In DFTK there are a few ways to construct the OrbitalManifold. Here, we will apply the Hubbard correction on the 3D orbital of all nickel atoms. To select all nickel atoms, we can:
- Pass the
Nielement directly. - Pass the
:Nisymbol. - Pass the list of atom indices, here
[1, 3].
To select the orbitals, it is recommended to use their label, such as "3D" for PseudoDojo pseudopotentials.
Note that "manifold" is the standard term used in the literature for the set of atomic orbitals used to compute the Hubbard correction, but it is not meant in the mathematical sense.
U = 10u"eV"
# Alternative:
# manifold = OrbitalManifold(:Ni, "3D")
# Alternative:
# manifold = OrbitalManifold([1, 3], "3D")

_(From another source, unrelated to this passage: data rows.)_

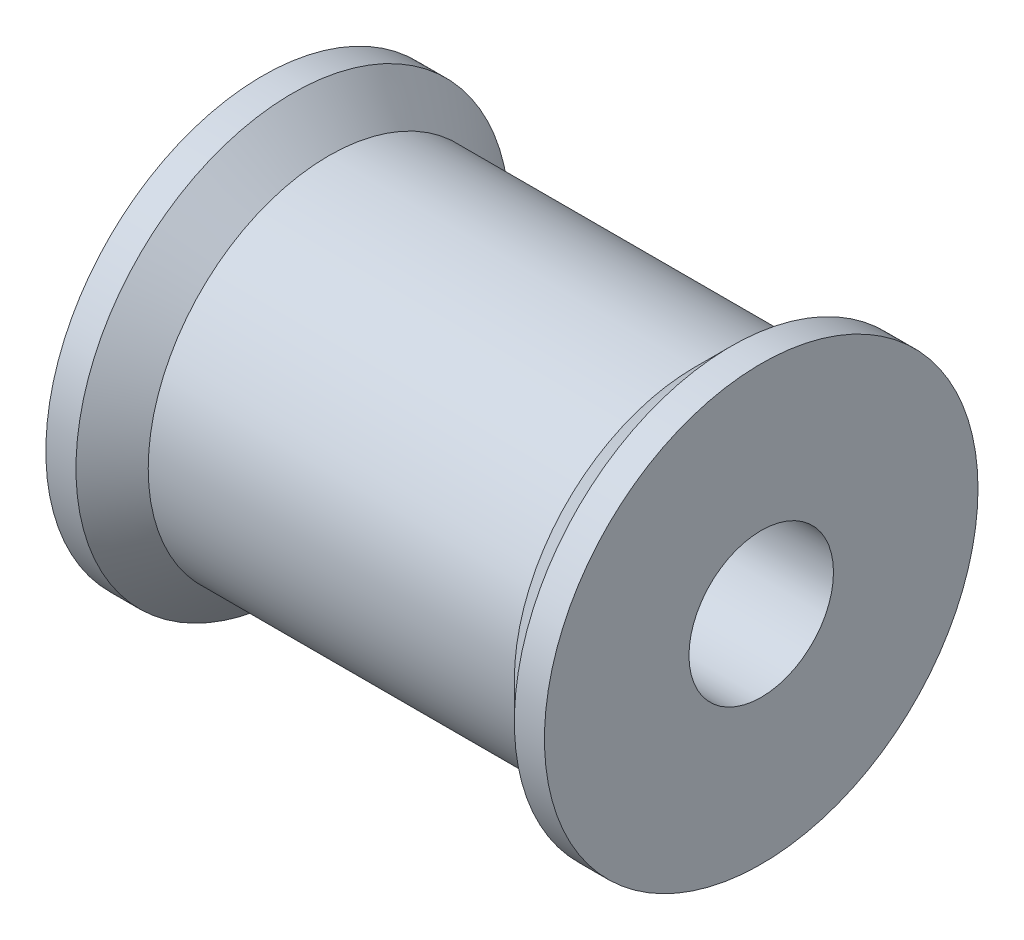
from build123d import *

# Parameters (mm, degrees)
SKETCH3_R          = 3
CUT_EXTRUDE1_DEPTH = 20.7


with BuildPart() as part:
    # Sketch2 → Revolve1 (revolve)
    with BuildSketch(Plane(origin=(0, 0, 0), x_dir=(1, 0, 0), z_dir=(0, 1, 0))):
        Polygon((-10.35, 9), (-9.1, 9), (-7.6, 7.5), (7.6, 7.5), (9.1, 9), (10.35, 9), (10.35, 0), (-10.35, 0), align=None)
    revolve(axis=Axis((10.35, 0, 0), (-1, 0, 0)))

    # Sketch3 → Cut-Extrude1 (cut)
    with BuildSketch(Plane.ZY.offset(10.35)):
        Circle(SKETCH3_R)
    extrude(amount=-CUT_EXTRUDE1_DEPTH, mode=Mode.SUBTRACT)


solid = part.part
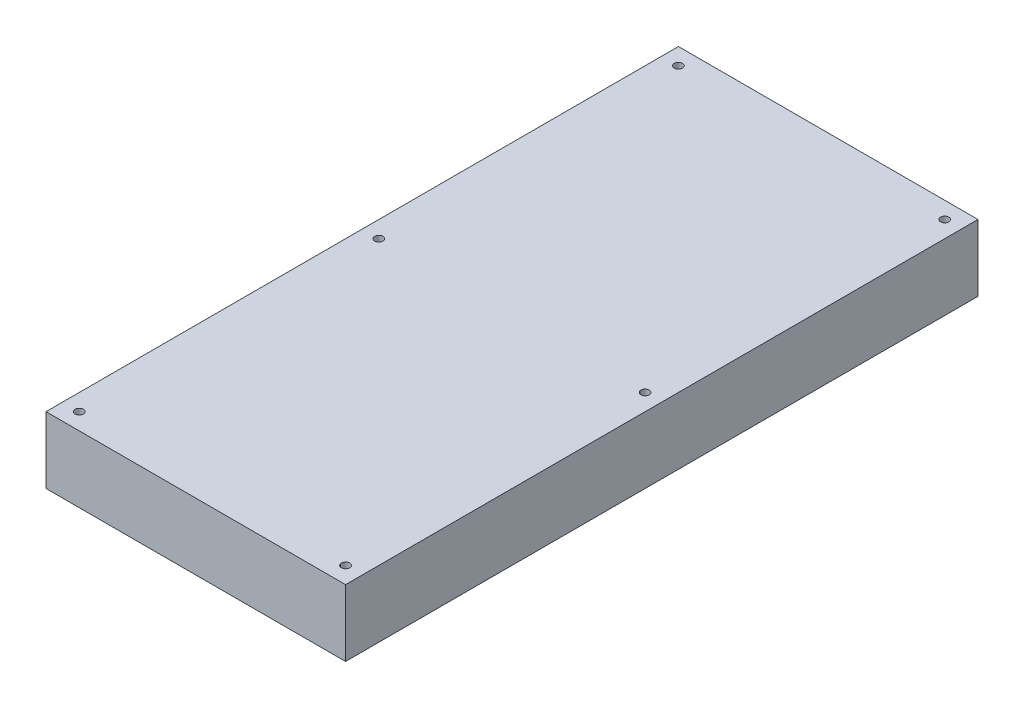
from build123d import *

# Parameters (mm, degrees)
SKETCH1_W           = 90
SKETCH1_H           = 190
BOSS_EXTRUDE1_DEPTH = 10
SKETCH2_R           = 1.25
CUT_EXTRUDE2_DEPTH  = 108.004672795


with BuildPart() as part:
    # Sketch1 → Boss-Extrude1 (new, symmetric)
    with BuildSketch(Plane(origin=(0, 0, 0), x_dir=(1, 0, 0), z_dir=(0, 1, 0))):
        Rectangle(SKETCH1_W, SKETCH1_H)
    extrude(amount=BOSS_EXTRUDE1_DEPTH, both=True)

    # Sketch2 → Cut-Extrude2 (cut, through all)
    with BuildSketch(Plane(origin=(0, 10, 0), x_dir=(1, 0, 0), z_dir=(0, 1, 0))):
        with Locations((-40, -90)):
            Circle(SKETCH2_R)
        with Locations((40, -90)):
            Circle(SKETCH2_R)
        with Locations((-40, 0)):
            Circle(SKETCH2_R)
        with Locations((-40, 90)):
            Circle(SKETCH2_R)
        with Locations((40, 90)):
            Circle(SKETCH2_R)
        with Locations((40, 0)):
            Circle(SKETCH2_R)
    extrude(amount=-CUT_EXTRUDE2_DEPTH, mode=Mode.SUBTRACT)


solid = part.part

manifold = OrbitalManifold(Ni, "3D")OrbitalManifold(Ni, "3D")Run SCF with a DFT+U setup, notice the extra_terms keyword argument, setting up the Hubbard +U term. It is also possible to set up multiple manifolds with different U values by passing each pair as a separate entry in the Hubbard constructor (i.e. Hubbard(manifold1 => U1, manifold2 => U2, etc.)) or as two vectors (i.e. Hubbard([manifold1, manifold2, etc.], [U1, U2, etc.])).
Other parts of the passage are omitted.